Das Bündnis Seebrücke Osnabrück antwortet heute auf einen Brief des Oberbürgermeisters der Stadt Osnabrück, in dem dieser eine Absage an die Organisation formulierte. Das Bündnis bekräftigt den dringenden Appell an den Oberbürgermeister, der von weiteren Osnabrücker Organisationen unterstützt wird.

Unter anderem Gewerkschaften, das Bistum, Wohlfahrtsverbände und bundesweite NGOs haben am 12.08. gefordert, dass sich Osnabrück einer parteienübergreifenden Initiative der Städte Bonn, Düsseldorf und Köln anschließt und anbietet, zusätzliche Geflüchtete aus Seenot aufzunehmen. Oberbürgermeister Wolfgang Griesert lehnte dies ab mit den Argumenten, die Aufnahme von Geflüchteten benötige erst eine europäische Lösung und ähnliche Angebote der Stadt hätten bisher nicht dazu geführt, dass zusätzliche geflüchtete Menschen nach Osnabrück gekommen seien.

Am Montagvormittag wurde bereits ein Brief der Hilfsorganisation terre des hommes bekannt, die ebenfalls den Oberbürgermeister zum Umdenken bewegen will.

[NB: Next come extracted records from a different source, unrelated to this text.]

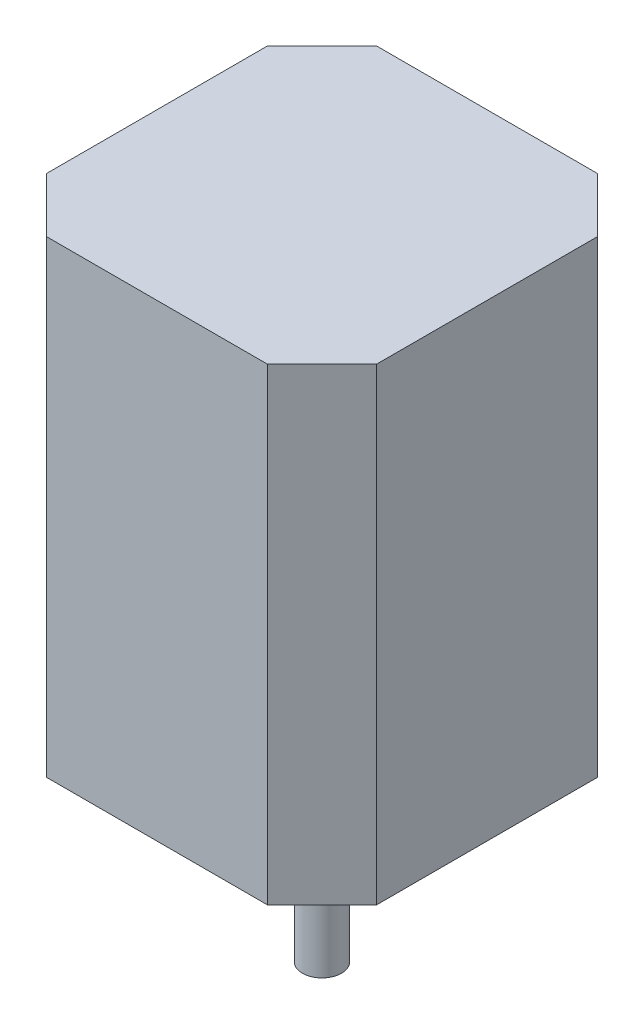
ISO-10303-21;
HEADER;
FILE_DESCRIPTION(('STEP AP214'),'2;1');
FILE_NAME('part.step','',(''),(''),'','','');
FILE_SCHEMA(('AUTOMOTIVE_DESIGN { 1 0 10303 214 1 1 1 1 }'));
ENDSEC;
DATA;
#1=APPLICATION_CONTEXT('core data for automotive mechanical design processes');
#2=APPLICATION_PROTOCOL_DEFINITION('international standard','automotive_design',2000,#1);
#3=PRODUCT_CONTEXT('',#1,'mechanical');
#4=PRODUCT('Part','Part','',(#3));
#5=PRODUCT_RELATED_PRODUCT_CATEGORY('part','',(#4));
#6=PRODUCT_DEFINITION_FORMATION('','',#4);
#7=PRODUCT_DEFINITION_CONTEXT('part definition',#1,'design');
#8=PRODUCT_DEFINITION('design','',#6,#7);
#9=PRODUCT_DEFINITION_SHAPE('','',#8);
#10=(LENGTH_UNIT() NAMED_UNIT(*) SI_UNIT(.MILLI.,.METRE.));
#11=(NAMED_UNIT(*) PLANE_ANGLE_UNIT() SI_UNIT($,.RADIAN.));
#12=(NAMED_UNIT(*) SI_UNIT($,.STERADIAN.) SOLID_ANGLE_UNIT());
#13=UNCERTAINTY_MEASURE_WITH_UNIT(LENGTH_MEASURE(1.E-05),#10,'distance_accuracy_value','');
#14=(GEOMETRIC_REPRESENTATION_CONTEXT(3) GLOBAL_UNCERTAINTY_ASSIGNED_CONTEXT((#13)) GLOBAL_UNIT_ASSIGNED_CONTEXT((#10,
#11,#12)) REPRESENTATION_CONTEXT('',''));
#15=CARTESIAN_POINT('',(0.,0.,0.));
#16=DIRECTION('',(0.,0.,1.));
#17=DIRECTION('',(1.,0.,0.));
#18=AXIS2_PLACEMENT_3D('',#15,#16,#17);
#19=CARTESIAN_POINT('',(-14.15,60.,21.15));
#20=DIRECTION('',(0.,0.,-1.));
#21=DIRECTION('',(-1.,0.,0.));
#22=AXIS2_PLACEMENT_3D('',#19,#20,#21);
#23=PLANE('',#22);
#24=DIRECTION('',(1.,0.,0.));
#25=VECTOR('',#24,1.);
#26=CARTESIAN_POINT('',(-14.15,0.,21.15));
#27=LINE('',#26,#25);
#28=CARTESIAN_POINT('',(-14.15,0.,21.15));
#29=VERTEX_POINT('',#28);
#30=CARTESIAN_POINT('',(14.15,0.,21.15));
#31=VERTEX_POINT('',#30);
#32=EDGE_CURVE('E133',#29,#31,#27,.T.);
#33=ORIENTED_EDGE('',*,*,#32,.T.);
#34=DIRECTION('',(0.,-1.,0.));
#35=VECTOR('',#34,1.);
#36=CARTESIAN_POINT('',(14.15,60.,21.15));
#37=LINE('',#36,#35);
#38=CARTESIAN_POINT('',(14.15,60.,21.15));
#39=VERTEX_POINT('',#38);
#40=EDGE_CURVE('E37',#39,#31,#37,.T.);
#41=ORIENTED_EDGE('',*,*,#40,.F.);
#42=DIRECTION('',(1.,0.,0.));
#43=VECTOR('',#42,1.);
#44=CARTESIAN_POINT('',(-14.15,60.,21.15));
#45=LINE('',#44,#43);
#46=CARTESIAN_POINT('',(-14.15,60.,21.15));
#47=VERTEX_POINT('',#46);
#48=EDGE_CURVE('E148',#47,#39,#45,.T.);
#49=ORIENTED_EDGE('',*,*,#48,.F.);
#50=DIRECTION('',(0.,-1.,0.));
#51=VECTOR('',#50,1.);
#52=CARTESIAN_POINT('',(-14.15,60.,21.15));
#53=LINE('',#52,#51);
#54=EDGE_CURVE('E129',#47,#29,#53,.T.);
#55=ORIENTED_EDGE('',*,*,#54,.T.);
#56=EDGE_LOOP('',(#33,#41,#49,#55));
#57=FACE_BOUND('',#56,.T.);
#58=ADVANCED_FACE('F34',(#57),#23,.F.);
#59=CARTESIAN_POINT('',(14.15,60.,21.15));
#60=DIRECTION('',(-0.707106781186547,0.,-0.707106781186547));
#61=DIRECTION('',(-0.707106781186548,0.,0.707106781186548));
#62=AXIS2_PLACEMENT_3D('',#59,#60,#61);
#63=PLANE('',#62);
#64=DIRECTION('',(0.707106781186547,0.,-0.707106781186547));
#65=VECTOR('',#64,1.);
#66=CARTESIAN_POINT('',(14.15,0.,21.15));
#67=LINE('',#66,#65);
#68=CARTESIAN_POINT('',(21.15,0.,14.15));
#69=VERTEX_POINT('',#68);
#70=EDGE_CURVE('E136',#31,#69,#67,.T.);
#71=ORIENTED_EDGE('',*,*,#70,.T.);
#72=DIRECTION('',(0.,-1.,0.));
#73=VECTOR('',#72,1.);
#74=CARTESIAN_POINT('',(21.15,60.,14.15));
#75=LINE('',#74,#73);
#76=CARTESIAN_POINT('',(21.15,60.,14.15));
#77=VERTEX_POINT('',#76);
#78=EDGE_CURVE('E157',#77,#69,#75,.T.);
#79=ORIENTED_EDGE('',*,*,#78,.F.);
#80=DIRECTION('',(0.707106781186547,0.,-0.707106781186547));
#81=VECTOR('',#80,1.);
#82=CARTESIAN_POINT('',(14.15,60.,21.15));
#83=LINE('',#82,#81);
#84=EDGE_CURVE('E96',#39,#77,#83,.T.);
#85=ORIENTED_EDGE('',*,*,#84,.F.);
#86=ORIENTED_EDGE('',*,*,#40,.T.);
#87=EDGE_LOOP('',(#71,#79,#85,#86));
#88=FACE_BOUND('',#87,.T.);
#89=ADVANCED_FACE('F200',(#88),#63,.F.);
#90=CARTESIAN_POINT('',(21.15,60.,14.15));
#91=DIRECTION('',(-1.,0.,0.));
#92=DIRECTION('',(0.,0.,1.));
#93=AXIS2_PLACEMENT_3D('',#90,#91,#92);
#94=PLANE('',#93);
#95=DIRECTION('',(0.,0.,-1.));
#96=VECTOR('',#95,1.);
#97=CARTESIAN_POINT('',(21.15,0.,14.15));
#98=LINE('',#97,#96);
#99=CARTESIAN_POINT('',(21.15,0.,-14.15));
#100=VERTEX_POINT('',#99);
#101=EDGE_CURVE('E139',#69,#100,#98,.T.);
#102=ORIENTED_EDGE('',*,*,#101,.T.);
#103=DIRECTION('',(0.,-1.,0.));
#104=VECTOR('',#103,1.);
#105=CARTESIAN_POINT('',(21.15,60.,-14.15));
#106=LINE('',#105,#104);
#107=CARTESIAN_POINT('',(21.15,60.,-14.15));
#108=VERTEX_POINT('',#107);
#109=EDGE_CURVE('E155',#108,#100,#106,.T.);
#110=ORIENTED_EDGE('',*,*,#109,.F.);
#111=DIRECTION('',(0.,0.,-1.));
#112=VECTOR('',#111,1.);
#113=CARTESIAN_POINT('',(21.15,60.,14.15));
#114=LINE('',#113,#112);
#115=EDGE_CURVE('E172',#77,#108,#114,.T.);
#116=ORIENTED_EDGE('',*,*,#115,.F.);
#117=ORIENTED_EDGE('',*,*,#78,.T.);
#118=EDGE_LOOP('',(#102,#110,#116,#117));
#119=FACE_BOUND('',#118,.T.);
#120=ADVANCED_FACE('F204',(#119),#94,.F.);
#121=CARTESIAN_POINT('',(14.15,60.,-21.15));
#122=DIRECTION('',(-0.707106781186547,0.,0.707106781186547));
#123=DIRECTION('',(0.707106781186548,0.,0.707106781186548));
#124=AXIS2_PLACEMENT_3D('',#121,#122,#123);
#125=PLANE('',#124);
#126=DIRECTION('',(-0.707106781186547,0.,-0.707106781186547));
#127=VECTOR('',#126,1.);
#128=CARTESIAN_POINT('',(14.15,0.,-21.15));
#129=LINE('',#128,#127);
#130=CARTESIAN_POINT('',(14.15,0.,-21.15));
#131=VERTEX_POINT('',#130);
#132=EDGE_CURVE('E141',#100,#131,#129,.T.);
#133=ORIENTED_EDGE('',*,*,#132,.T.);
#134=DIRECTION('',(0.,-1.,0.));
#135=VECTOR('',#134,1.);
#136=CARTESIAN_POINT('',(14.15,60.,-21.15));
#137=LINE('',#136,#135);
#138=CARTESIAN_POINT('',(14.15,60.,-21.15));
#139=VERTEX_POINT('',#138);
#140=EDGE_CURVE('E152',#139,#131,#137,.T.);
#141=ORIENTED_EDGE('',*,*,#140,.F.);
#142=DIRECTION('',(-0.707106781186547,0.,-0.707106781186547));
#143=VECTOR('',#142,1.);
#144=CARTESIAN_POINT('',(14.15,60.,-21.15));
#145=LINE('',#144,#143);
#146=EDGE_CURVE('E174',#108,#139,#145,.T.);
#147=ORIENTED_EDGE('',*,*,#146,.F.);
#148=ORIENTED_EDGE('',*,*,#109,.T.);
#149=EDGE_LOOP('',(#133,#141,#147,#148));
#150=FACE_BOUND('',#149,.T.);
#151=ADVANCED_FACE('F179',(#150),#125,.F.);
#152=CARTESIAN_POINT('',(-14.15,60.,-21.15));
#153=DIRECTION('',(0.,0.,1.));
#154=DIRECTION('',(1.,0.,0.));
#155=AXIS2_PLACEMENT_3D('',#152,#153,#154);
#156=PLANE('',#155);
#157=DIRECTION('',(-1.,0.,0.));
#158=VECTOR('',#157,1.);
#159=CARTESIAN_POINT('',(-14.15,0.,-21.15));
#160=LINE('',#159,#158);
#161=CARTESIAN_POINT('',(-14.15,0.,-21.15));
#162=VERTEX_POINT('',#161);
#163=EDGE_CURVE('E143',#131,#162,#160,.T.);
#164=ORIENTED_EDGE('',*,*,#163,.T.);
#165=DIRECTION('',(0.,-1.,0.));
#166=VECTOR('',#165,1.);
#167=CARTESIAN_POINT('',(-14.15,60.,-21.15));
#168=LINE('',#167,#166);
#169=CARTESIAN_POINT('',(-14.15,60.,-21.15));
#170=VERTEX_POINT('',#169);
#171=EDGE_CURVE('E124',#170,#162,#168,.T.);
#172=ORIENTED_EDGE('',*,*,#171,.F.);
#173=DIRECTION('',(-1.,0.,0.));
#174=VECTOR('',#173,1.);
#175=CARTESIAN_POINT('',(-14.15,60.,-21.15));
#176=LINE('',#175,#174);
#177=EDGE_CURVE('E115',#139,#170,#176,.T.);
#178=ORIENTED_EDGE('',*,*,#177,.F.);
#179=ORIENTED_EDGE('',*,*,#140,.T.);
#180=EDGE_LOOP('',(#164,#172,#178,#179));
#181=FACE_BOUND('',#180,.T.);
#182=ADVANCED_FACE('F183',(#181),#156,.F.);
#183=CARTESIAN_POINT('',(-21.15,60.,-14.15));
#184=DIRECTION('',(0.707106781186547,0.,0.707106781186547));
#185=DIRECTION('',(0.707106781186548,0.,-0.707106781186548));
#186=AXIS2_PLACEMENT_3D('',#183,#184,#185);
#187=PLANE('',#186);
#188=DIRECTION('',(-0.707106781186547,0.,0.707106781186547));
#189=VECTOR('',#188,1.);
#190=CARTESIAN_POINT('',(-21.15,0.,-14.15));
#191=LINE('',#190,#189);
#192=CARTESIAN_POINT('',(-21.15,0.,-14.15));
#193=VERTEX_POINT('',#192);
#194=EDGE_CURVE('E123',#162,#193,#191,.T.);
#195=ORIENTED_EDGE('',*,*,#194,.T.);
#196=DIRECTION('',(0.,-1.,0.));
#197=VECTOR('',#196,1.);
#198=CARTESIAN_POINT('',(-21.15,60.,-14.15));
#199=LINE('',#198,#197);
#200=CARTESIAN_POINT('',(-21.15,60.,-14.15));
#201=VERTEX_POINT('',#200);
#202=EDGE_CURVE('E120',#201,#193,#199,.T.);
#203=ORIENTED_EDGE('',*,*,#202,.F.);
#204=DIRECTION('',(-0.707106781186547,0.,0.707106781186547));
#205=VECTOR('',#204,1.);
#206=CARTESIAN_POINT('',(-21.15,60.,-14.15));
#207=LINE('',#206,#205);
#208=EDGE_CURVE('E109',#170,#201,#207,.T.);
#209=ORIENTED_EDGE('',*,*,#208,.F.);
#210=ORIENTED_EDGE('',*,*,#171,.T.);
#211=EDGE_LOOP('',(#195,#203,#209,#210));
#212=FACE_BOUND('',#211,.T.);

Das Bündnis Seebrücke Osnabrück entgegnete nun dem Oberbürgermeister:

“1. In einer Zeit, in der Tausende im Mittelmeer ertrinken, können wir nicht auf europäische Regelungen warten. Überall in Europa gehen jetzt Städte voran, die sich bereit erklären, Geflüchtete aufzunehmen und zu “sicheren Häfen” werden. Städte stoßen damit an, dass auch Staaten Aufnahmebereitschaft zeigen, geben Impulse für Europa. Osnabrück kann und sollte sich daran jetzt beteiligen.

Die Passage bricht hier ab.